Monday, October 10, 2011

Knowledge management planning

Post by Edgar Tan 

Knowledge management projects typically require significant awareness raising, education and change management efforts to get buy-in and participation from operational level managers. Such managers are often impatient with theoretical KM frameworks and concepts or high level strategies, and they can easily dismiss KM as too fuzzy and impractical to be useful.

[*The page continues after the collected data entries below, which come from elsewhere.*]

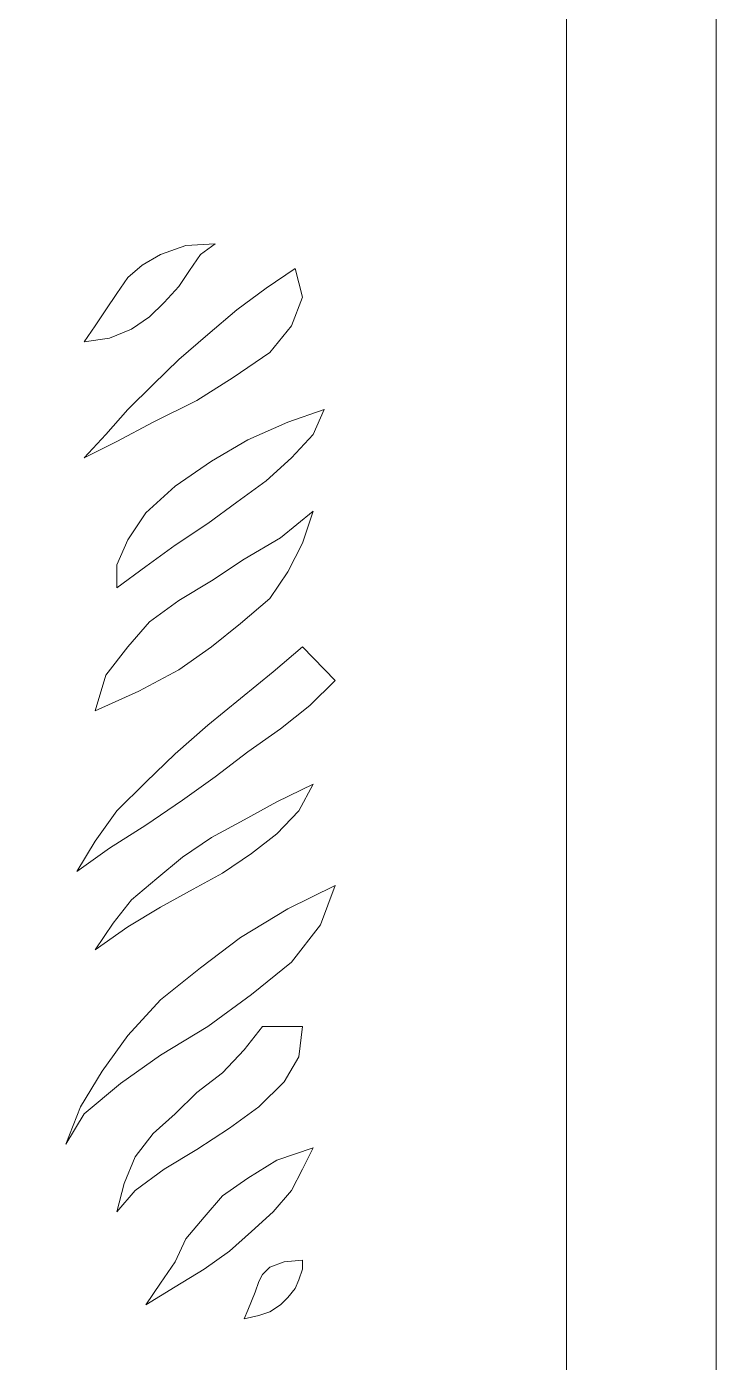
# Model space of a CAD drawing. Header units: millimetres. Extents: x -194 to 183, y -158 to 141.
# Drawn here: x -23.96 to -7.82, y 75.38 to 106.62 of the extents above; entities that cross this region are included whole.
import ezdxf

# ---------------------------------------------------------------- set-up
doc = ezdxf.new("R2010")
doc.units = ezdxf.units.MM
doc.header["$MEASUREMENT"] = 0
doc.layers.add('Camada 1', color=7, linetype='Continuous')

msp = doc.modelspace()

# ---------------------------------------------------------------- linework, layer by layer
at = {"layer": 'Camada 1', "color": 250, "lineweight": 9}
for points, knots in [([(-8.8223, 45.1619), (-8.8223, 45.1619), (-8.8223, 42.4602), (-8.8223, 42.4602), (-8.8223, 42.4602), (-8.8223, 42.4602), (-11.8168, 42.4602), (-11.8168, 42.4602), (-11.8168, 42.4602), (-11.8168, 42.4602), (-11.8168, 45.1619), (-11.8168, 45.1619), (-11.8168, 45.1619), (-11.8168, 45.1619), (-13.4928, 45.1619), (-13.4928, 45.1619), (-13.4928, 45.1619), (-13.4928, 45.1619), (-13.4928, 42.4602), (-13.4928, 42.4602), (-13.4928, 42.4602), (-13.4928, 42.4602), (-192.1528, 42.4602), (-192.1528, 42.4602), (-192.1528, 42.4602), (-193.4863, 42.5704), (-193.9529, 43.4936), (-194.022, 44.3108), (-194.022, 44.3108), (-194.022, 59.801), (-194.0238, 107.2439), (-194.0238, 136.0087), (-194.0238, 136.0087), (-193.99, 136.22), (-193.9243, 137.7478), (-192.1528, 137.8636), (-192.1528, 137.8636), (-192.1528, 137.8636), (-13.4928, 137.8636), (-13.4928, 137.8636), (-13.4928, 137.8636), (-13.4928, 137.8636), (-13.4762, 135.1619), (-13.4762, 135.1619), (-13.4762, 135.1619), (-13.4762, 135.1619), (-11.8168, 135.1619), (-11.8168, 135.1619), (-11.8168, 135.1619), (-11.8168, 135.1619), (-11.8168, 137.8636), (-11.8168, 137.8636), (-11.8168, 137.8636), (-11.8168, 137.8636), (-8.8223, 137.8636), (-8.8223, 137.8636), (-8.8223, 137.8636), (-8.8223, 137.8636), (-8.8223, 135.1619), (-8.8223, 135.1619), (-8.8223, 135.1619), (-8.8223, 135.1619), (-7.824, 135.1619), (-7.824, 135.1619), (-7.824, 135.1619), (-7.824, 135.1619), (-7.824, 45.1619), (-7.824, 45.1619), (-7.824, 45.1619), (-7.824, 45.1619), (-8.8223, 45.1619), (-8.8223, 45.1619)], [0, 0, 0, 0, 0.0526316, 0.0526316, 0.0526316, 0.0526316, 0.1052632, 0.1052632, 0.1052632, 0.1052632, 0.1578947, 0.1578947, 0.1578947, 0.1578947, 0.2105263, 0.2105263, 0.2105263, 0.2105263, 0.2631579, 0.2631579, 0.2631579, 0.2631579, 0.3157895, 0.3157895, 0.3157895, 0.3157895, 0.3684211, 0.3684211, 0.3684211, 0.3684211, 0.4210526, 0.4210526, 0.4210526, 0.4210526, 0.4736842, 0.4736842, 0.4736842, 0.4736842, 0.5263158, 0.5263158, 0.5263158, 0.5263158, 0.5789474, 0.5789474, 0.5789474, 0.5789474, 0.6315789, 0.6315789, 0.6315789, 0.6315789, 0.6842105, 0.6842105, 0.6842105, 0.6842105, 0.7368421, 0.7368421, 0.7368421, 0.7368421, 0.7894737, 0.7894737, 0.7894737, 0.7894737, 0.8421053, 0.8421053, 0.8421053, 0.8421053, 0.8947368, 0.8947368, 0.8947368, 0.8947368, 1, 1, 1, 1]), ([(-22.615, 99.2547), (-22.615, 99.2547), (-22.0191, 99.3381), (-22.0191, 99.3381), (-22.0191, 99.3381), (-22.0191, 99.3381), (-21.5086, 99.5466), (-21.5086, 99.5466), (-21.5086, 99.5466), (-21.5086, 99.5466), (-21.0827, 99.8386), (-21.0827, 99.8386), (-21.0827, 99.8386), (-21.0827, 99.8386), (-20.7423, 100.1723), (-20.7423, 100.1723), (-20.7423, 100.1723), (-20.7423, 100.1723), (-20.4017, 100.5477), (-20.4017, 100.5477), (-20.4017, 100.5477), (-20.4017, 100.5477), (-20.1466, 100.9231), (-20.1466, 100.9231), (-20.1466, 100.9231), (-20.1466, 100.9231), (-19.8912, 101.2986), (-19.8912, 101.2986), (-19.8912, 101.2986), (-19.8912, 101.2986), (-19.5504, 101.5487), (-19.5504, 101.5487), (-19.5504, 101.5487), (-19.5504, 101.5487), (-20.2314, 101.5069), (-20.2314, 101.5069), (-20.2314, 101.5069), (-20.2314, 101.5069), (-20.8276, 101.2986), (-20.8276, 101.2986), (-20.8276, 101.2986), (-20.8276, 101.2986), (-21.253, 101.0482), (-21.253, 101.0482), (-21.253, 101.0482), (-21.253, 101.0482), (-21.5934, 100.7561), (-21.5934, 100.7561), (-21.5934, 100.7561), (-21.5934, 100.7561), (-21.8488, 100.3809), (-21.8488, 100.3809), (-21.8488, 100.3809), (-21.8488, 100.3809), (-22.1043, 100.0055), (-22.1043, 100.0055), (-22.1043, 100.0055), (-22.1043, 100.0055), (-22.3597, 99.6301), (-22.3597, 99.6301), (-22.3597, 99.6301), (-22.3597, 99.6301), (-22.615, 99.2547), (-22.615, 99.2547)], [0, 0, 0, 0, 0.0588235, 0.0588235, 0.0588235, 0.0588235, 0.1176471, 0.1176471, 0.1176471, 0.1176471, 0.1764706, 0.1764706, 0.1764706, 0.1764706, 0.2352941, 0.2352941, 0.2352941, 0.2352941, 0.2941176, 0.2941176, 0.2941176, 0.2941176, 0.3529412, 0.3529412, 0.3529412, 0.3529412, 0.4117647, 0.4117647, 0.4117647, 0.4117647, 0.4705882, 0.4705882, 0.4705882, 0.4705882, 0.5294118, 0.5294118, 0.5294118, 0.5294118, 0.5882353, 0.5882353, 0.5882353, 0.5882353, 0.6470588, 0.6470588, 0.6470588, 0.6470588, 0.7058824, 0.7058824, 0.7058824, 0.7058824, 0.7647059, 0.7647059, 0.7647059, 0.7647059, 0.8235294, 0.8235294, 0.8235294, 0.8235294, 0.8823529, 0.8823529, 0.8823529, 0.8823529, 1, 1, 1, 1]), ([(-22.615, 96.5435), (-22.615, 96.5435), (-21.8488, 96.9188), (-21.8488, 96.9188), (-21.8488, 96.9188), (-21.8488, 96.9188), (-20.9972, 97.3778), (-20.9972, 97.3778), (-20.9972, 97.3778), (-20.9972, 97.3778), (-19.976, 97.8782), (-19.976, 97.8782), (-19.976, 97.8782), (-19.976, 97.8782), (-19.1247, 98.4204), (-19.1247, 98.4204), (-19.1247, 98.4204), (-19.1247, 98.4204), (-18.2734, 99.0045), (-18.2734, 99.0045), (-18.2734, 99.0045), (-18.2734, 99.0045), (-17.7629, 99.6301), (-17.7629, 99.6301), (-17.7629, 99.6301), (-17.7629, 99.6301), (-17.5073, 100.2974), (-17.5073, 100.2974), (-17.5073, 100.2974), (-17.5073, 100.2974), (-17.6776, 100.9649), (-17.6776, 100.9649), (-17.6776, 100.9649), (-17.6776, 100.9649), (-18.3587, 100.5059), (-18.3587, 100.5059), (-18.3587, 100.5059), (-18.3587, 100.5059), (-19.0397, 100.0055), (-19.0397, 100.0055), (-19.0397, 100.0055), (-19.0397, 100.0055), (-19.7209, 99.4214), (-19.7209, 99.4214), (-19.7209, 99.4214), (-19.7209, 99.4214), (-20.4017, 98.8376), (-20.4017, 98.8376), (-20.4017, 98.8376), (-20.4017, 98.8376), (-20.9972, 98.2537), (-20.9972, 98.2537), (-20.9972, 98.2537), (-20.9972, 98.2537), (-21.5934, 97.6697), (-21.5934, 97.6697), (-21.5934, 97.6697), (-21.5934, 97.6697), (-22.1043, 97.0857), (-22.1043, 97.0857), (-22.1043, 97.0857), (-22.1043, 97.0857), (-22.615, 96.5435), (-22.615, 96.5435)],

Knowledge managers frequently find themselves preoccupied with fighting defensive actions around understanding and buy-in, instead of directly planning, orchestrating and executing knowledge management strategies and programmes.

In the KM Planning workshop Edgar Tan and Kim Martins took the participants through a facilitated and staged participatory planning process using a set of performance support tools to:
  • diagnose specific pain points in the operations that can be supported through KM 
  • identify cultural factors that support or inhibit more effective knowledge sharing and use 
  • focus managers on the areas they believe are of highest priority to them
  • help managers identify appropriate KM approaches, methods and tools to support their priority areas 
The value of a participatory planning approach is that operational managers are themselves working with the KM team to identify the main components of a KM intervention, rather than having a KM team impose a solution from outside. This removes much of the burden of getting buy-in (because prioritisation and selection of approaches are done by the managers themselves), and the awareness and education process is focused on explaining the approaches and methods that managers themselves select as possible candidates.